特徴的な縦長の空間。窓から見える景色は右から左へと流れていく。周囲を見渡すと、そこにはつり革にソファーといった馴染みのある光景が広がっていた。
「地下鉄の中……なんでこんなところに……?」
薄暗く無人で動き続ける電車に、みずきはどこか不気味さを感じながらゆっくりと立ち上がろうとするが、少し足元がフラつく。
と、次の瞬間、その様子を見詰める"冷たい視線"の存在にみずきは気がついた。
「ようやくお目覚めか……どうだ、俺との貸し切り電車の乗り心地は?」
「ちっ、やっぱりまたあんたか……"ドボルザーク"!」
連結ドアの奥から、突如、ドボルザークが姿を現した。不気味に笑うその表情からは、以前の戦いとは違い余裕が感じられた。

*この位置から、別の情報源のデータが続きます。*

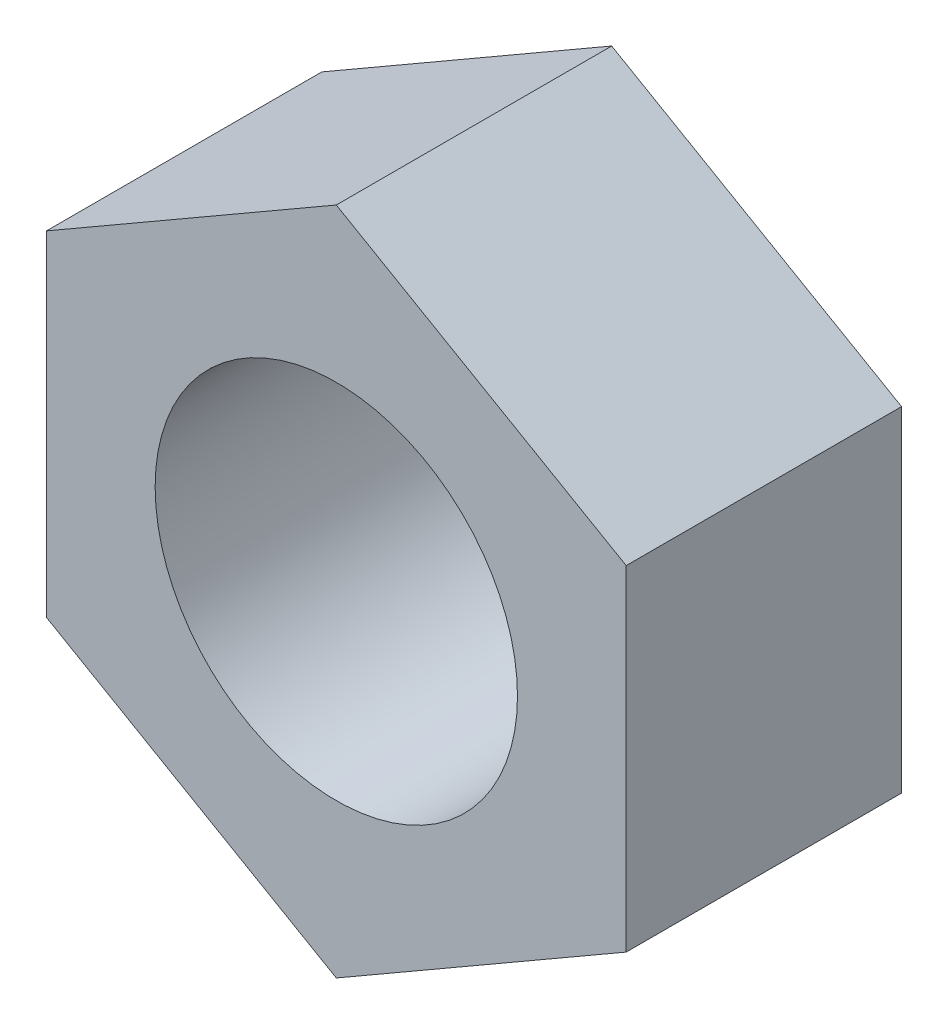
SolidWorks part; units mm, degrees
ref_plane "Front Plane" through (0, 0, 0) normal (0, 0, 1) x (1, 0, 0)
ref_plane "Top Plane" through (0, 0, 0) normal (0, 1, 0) x (1, 0, 0)
ref_plane "Right Plane" through (0, 0, 0) normal (1, 0, 0) x (0, 0, -1)
sketch "Sketch1" plane through (0, 0, 0) normal (0, 0, 1) x (1, 0, 0)
  line L1 (0, 4.6188) -> (-4, 2.3094)
  line L2 (-4, 2.3094) -> (-4, -2.3094)
  line L3 (-4, -2.3094) -> (0, -4.6188)
  line L4 (0, -4.6188) -> (4, -2.3094)
  line L5 (4, -2.3094) -> (4, 2.3094)
  line L6 (4, 2.3094) -> (0, 4.6188)
  circle A0 centre (0, 0) radius 4 construction
  circle A1 centre (0, 0) radius 2.5
  dimension "D2" = 5
  dimension "D1" = 8
extrude "Boss-Extrude1" add sketch "Sketch1" along normal blind 3.8
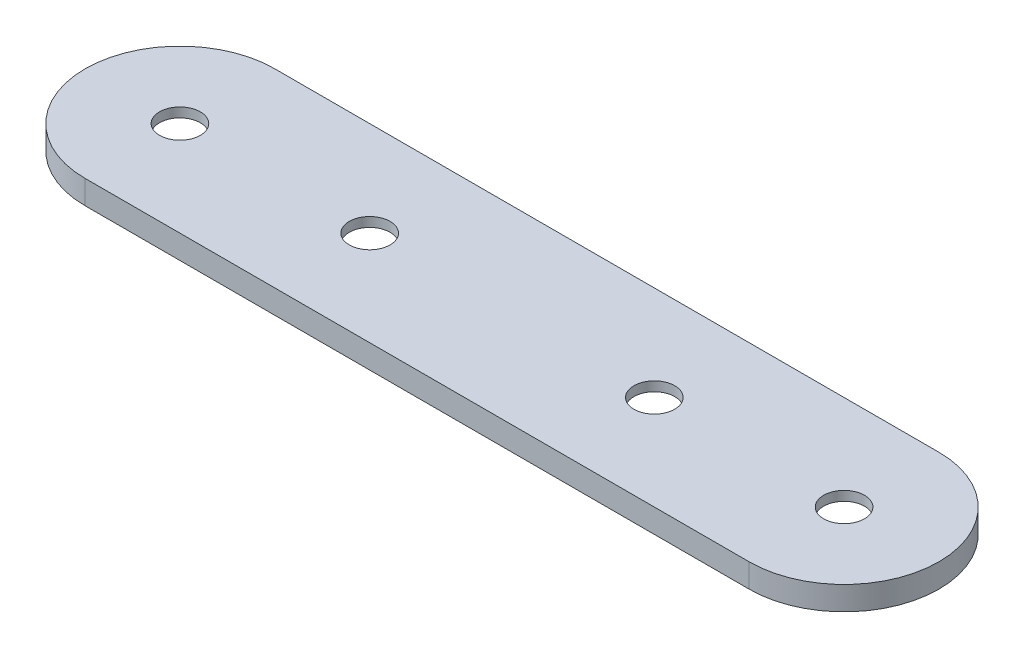
SolidWorks part; units mm, degrees
ref_plane "Front Plane" through (0, 0, 0) normal (0, 0, 1) x (1, 0, 0)
ref_plane "Top Plane" through (0, 0, 0) normal (0, 1, 0) x (1, 0, 0)
ref_plane "Right Plane" through (0, 0, 0) normal (1, 0, 0) x (0, 0, -1)
sketch "Sketch1" plane through (0, 0, 0) normal (0, 1, 0) x (1, 0, 0)
  line L0 (0, 0) -> (-70, 0) construction
  line L1 (0, -10) -> (-70, -10)
  line L2 (0, 10) -> (-70, 10)
  arc A0 (0, -10) -> (0, 10) centre (0, 0) ccw
  arc A1 (-70, 10) -> (-70, -10) centre (-70, 0) ccw
  circle A2 centre (0, 0) radius 2.15
  circle A3 centre (-70, 0) radius 2.15
  circle A4 centre (-20, 0) radius 2.15
  circle A5 centre (-50, 0) radius 2.15
  point P3 (-35, 0)
  dimension "D5" = 4.3
  dimension "D1" = 20
  dimension "D2" = 30
  dimension "D3" = 20
  dimension "D4" = 20
extrude "Boss-Extrude1" add sketch "Sketch1" against normal blind 2.5
chamfer "Chamfer1" distance 1.5 angle 60 4 edges at (-70, -2.5, 2.15) (-50, -2.5, 2.15) (-20, -2.5, 2.15) (0, -2.5, 2.15)
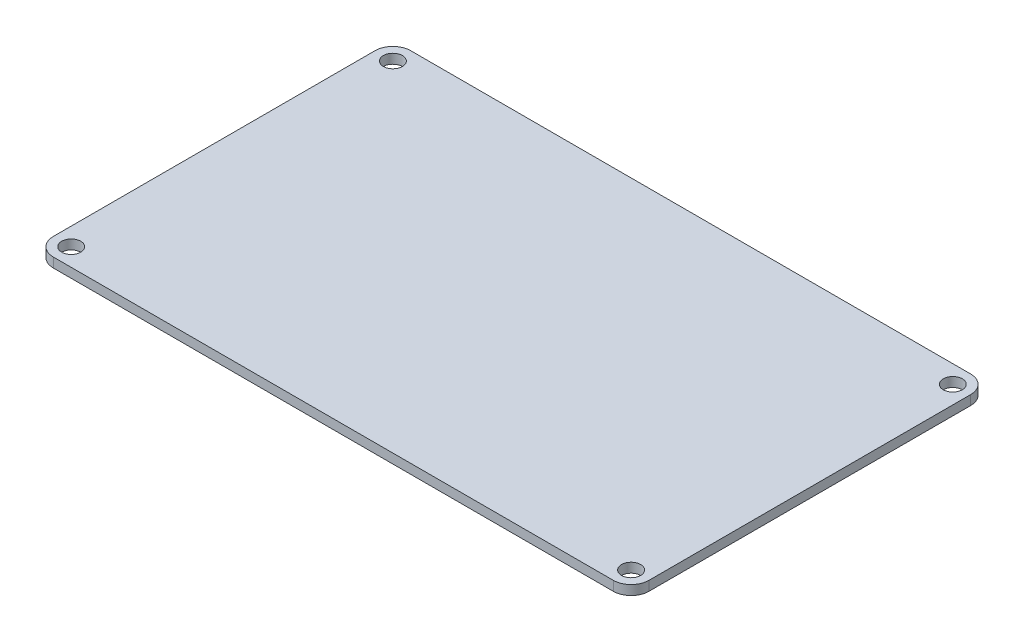
SolidWorks part; units mm, degrees
ref_plane "前视基准面" through (0, 0, 0) normal (0, 0, 1) x (1, 0, 0)
ref_plane "上视基准面" through (0, 0, 0) normal (0, 1, 0) x (1, 0, 0)
ref_plane "右视基准面" through (0, 0, 0) normal (1, 0, 0) x (0, 0, -1)
sketch "草图1" plane through (0, 0, 0) normal (0, 1, 0) x (1, 0, 0)
  line L1 (-50, 30) -> (50, 30)
  line L2 (-50, 30) -> (-50, -30)
  line L3 (-50, -30) -> (50, -30)
  line L4 (50, 30) -> (50, -30)
  line L5 (-50, 30) -> (50, -30) construction
  line L6 (-50, -30) -> (50, 30) construction
  point P0 (0, 0)
  dimension "D1" = 100
  dimension "D2" = 60
extrude "凸台-拉伸1" add sketch "草图1" along normal blind 1.6
sketch "草图2" plane through (0, 1.6, 0) normal (0, 1, 0) x (1, 0, 0)
  line L0 (0, 11.4648) -> (0, -11.1115) construction
  line L1 (-16.7682, 0) -> (14.1439, 0) construction
  line L2 (-50, 30) -> (50, 30) construction
  line L3 (-50, 30) -> (-50, -30) construction
  circle A0 centre (-47, 27) radius 1.6
  circle A1 centre (47, 27) radius 1.6
  circle A2 centre (47, -27) radius 1.6
  circle A3 centre (-47, -27) radius 1.6
  point P7 (-43.8597, 23.3897)
  dimension "D1" = 3.2
  dimension "D2" = 3
  dimension "D3" = 3
extrude "切除-拉伸1" cut sketch "草图2" against normal through all
fillet "圆角1" radius 3 4 edges at (50, 0.8, -30) (50, 0.8, 30) (-50, 0.8, 30) (-50, 0.8, -30)
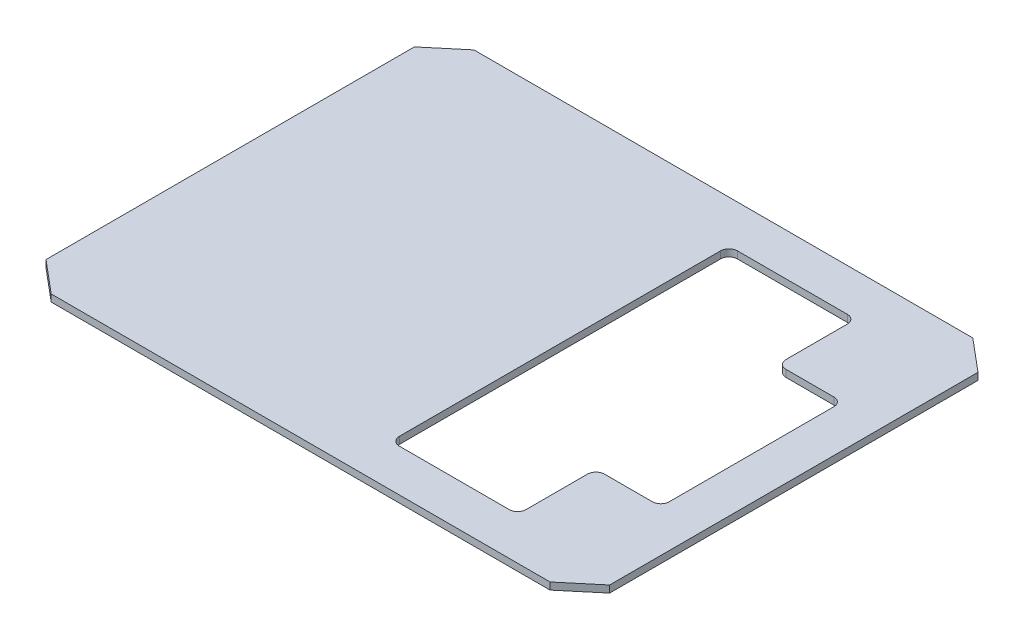
SolidWorks part; units mm, degrees
material "Thornel Mat VMA"
ref_plane "Front Plane" through (0, 0, 0) normal (0, 0, 1) x (1, 0, 0)
ref_plane "Top Plane" through (0, 0, 0) normal (0, 1, 0) x (1, 0, 0)
ref_plane "Right Plane" through (0, 0, 0) normal (1, 0, 0) x (0, 0, -1)
sketch "Sketch1" plane through (0, 0, 0) normal (0, 1, 0) x (1, 0, 0)
  line L0 (0, -95.25) -> (0, 95.25) construction
  line L1 (-127, 95.25) -> (127, 95.25) construction
  line L2 (-127, 95.25) -> (-127, -95.25) construction
  line L3 (-127, -95.25) -> (127, -95.25) construction
  line L4 (127, 95.25) -> (127, -95.25) construction
  line L5 (-127, 0) -> (127, 0) construction
  line L6 (-114.3, 0) -> (-114.3, 52.7344) construction
  line L7 (-114.3, 52.7344) -> (-101.6, 52.7344) construction
  line L8 (-101.6, 52.7344) -> (-87.0069, 64.9795) construction
  line L9 (-87.0069, 64.9795) -> (-87.0069, 76.2) construction
  line L10 (-87.0069, 76.2) -> (0, 76.2) construction
  line L11 (-127, 83.0049) -> (-112.4069, 95.25) construction
  line L12 (-87.0069, 64.9795) -> (-112.4069, 95.25) construction
  line L13 (-101.6, 52.7344) -> (-127, 83.0049) construction
  line L15 (-127, 95.25) -> (127, 95.25) construction
  line L16 (-127, 95.25) -> (-127, -95.25) construction
  line L17 (-127, -95.25) -> (127, -95.25) construction
  line L18 (127, 95.25) -> (127, -95.25) construction
  line L19 (-127, 95.25) -> (127, -95.25) construction
  line L20 (-127, -95.25) -> (127, 95.25) construction
  line L22 (127, -83.0049) -> (112.4069, -95.25)
  line L23 (-127, -83.0049) -> (-112.4069, -95.25)
  line L24 (-112.4069, 95.25) -> (112.4069, 95.25)
  line L25 (-127, -83.0049) -> (-127, 83.0049)
  line L26 (127, 83.0049) -> (127, -83.0049)
  line L27 (112.4069, -95.25) -> (-112.4069, -95.25)
  line L28 (-94.3034, 58.8569) -> (-119.7034, 89.1274) construction
  line L33 (-127, 83.0049) -> (-112.4069, 95.25)
  line L36 (127, 83.0049) -> (112.4069, 95.25)
  point P8 (0, 0)
  point P18 (0, 0)
  dimension "D1" = 190.5
  dimension "D2" = 254
  dimension "D3" = 12.7
  dimension "D4" = 19.05
  dimension "D5" = 12.7
  dimension "D6" = 40
  dimension "D7" = 19.05
  dimension "D8" = 0
  dimension "D9" = 12.7
extrude "Boss-Extrude1" add sketch "Sketch1" along normal blind 3.175
sketch "Sketch2" plane through (0, 3.175, 0) normal (0, 1, 0) x (1, 0, 0)
  line L0 (0, 0) -> (127, 0) construction
  line L1 (127, 83.0049) -> (127, -83.0049) construction
  line L2 (82.55, 40.894) -> (104.14, 40.894)
  line L3 (25.4, 76.2) -> (74.93, 76.2)
  line L4 (21.59, 72.39) -> (21.59, -72.39)
  line L5 (25.4, -76.2) -> (74.93, -76.2)
  line L6 (78.74, 72.39) -> (78.74, 44.704)
  line L7 (21.59, 76.2) -> (78.74, -76.2) construction
  line L8 (21.59, -76.2) -> (78.74, 76.2) construction
  line L9 (107.95, 37.084) -> (107.95, -37.084)
  line L10 (127, 83.0049) -> (127, -83.0049) construction
  line L11 (78.74, -44.704) -> (78.74, -72.39)
  line L12 (82.55, -40.894) -> (104.14, -40.894)
  arc A0 (104.14, 40.894) -> (107.95, 37.084) centre (104.14, 37.084) cw
  arc A1 (82.55, 40.894) -> (78.74, 44.704) centre (82.55, 44.704) cw
  arc A2 (104.14, -40.894) -> (107.95, -37.084) centre (104.14, -37.084) ccw
  arc A3 (82.55, -40.894) -> (78.74, -44.704) centre (82.55, -44.704) ccw
  arc A4 (74.93, -76.2) -> (78.74, -72.39) centre (74.93, -72.39) ccw
  arc A5 (21.59, -72.39) -> (25.4, -76.2) centre (25.4, -72.39) ccw
  arc A6 (25.4, 76.2) -> (21.59, 72.39) centre (25.4, 72.39) ccw
  arc A7 (74.93, 76.2) -> (78.74, 72.39) centre (74.93, 72.39) cw
  point P5 (50.165, 0)
  point P17 (107.95, 0)
  point P19 (107.95, 40.894)
  point P22 (78.74, 40.894)
  point P25 (107.95, -40.894)
  point P28 (78.74, -40.894)
  dimension "D6" = 3.81
  dimension "D1" = 57.15
  dimension "D2" = 152.4
  dimension "D3" = 48.26
  dimension "D4" = 40.894
  dimension "D5" = 19.05
extrude "Cut-Extrude1" cut sketch "Sketch2" against normal through all

「参ったな……前に腕まで引き千切ったはずなのに、もう回復してんのかよ……!」
「そいつはお互い様だ。だがな、このままじゃ俺は”あのお方”の元へ帰れねぇんだよ。肉体がいくら回復しようが、テメェが俺の名につけた傷だけは、テメェの血じゃねーと洗い流せねぇんだよ……!!死ねや、下等生物……当電車は直通快速”地獄”行きだ!!」
「……なんかそのセリフを一生懸命考えてるあんたを想像すると案外可愛く見えてくるが……手加減なしでやってやろうじゃねぇか!ただし、終点の地獄で下車するのはあんただけだぜ!」
みずきは振り上げた手甲を巨大化させ、真正面から全力でドボルザークの元へと突っ込んでいった。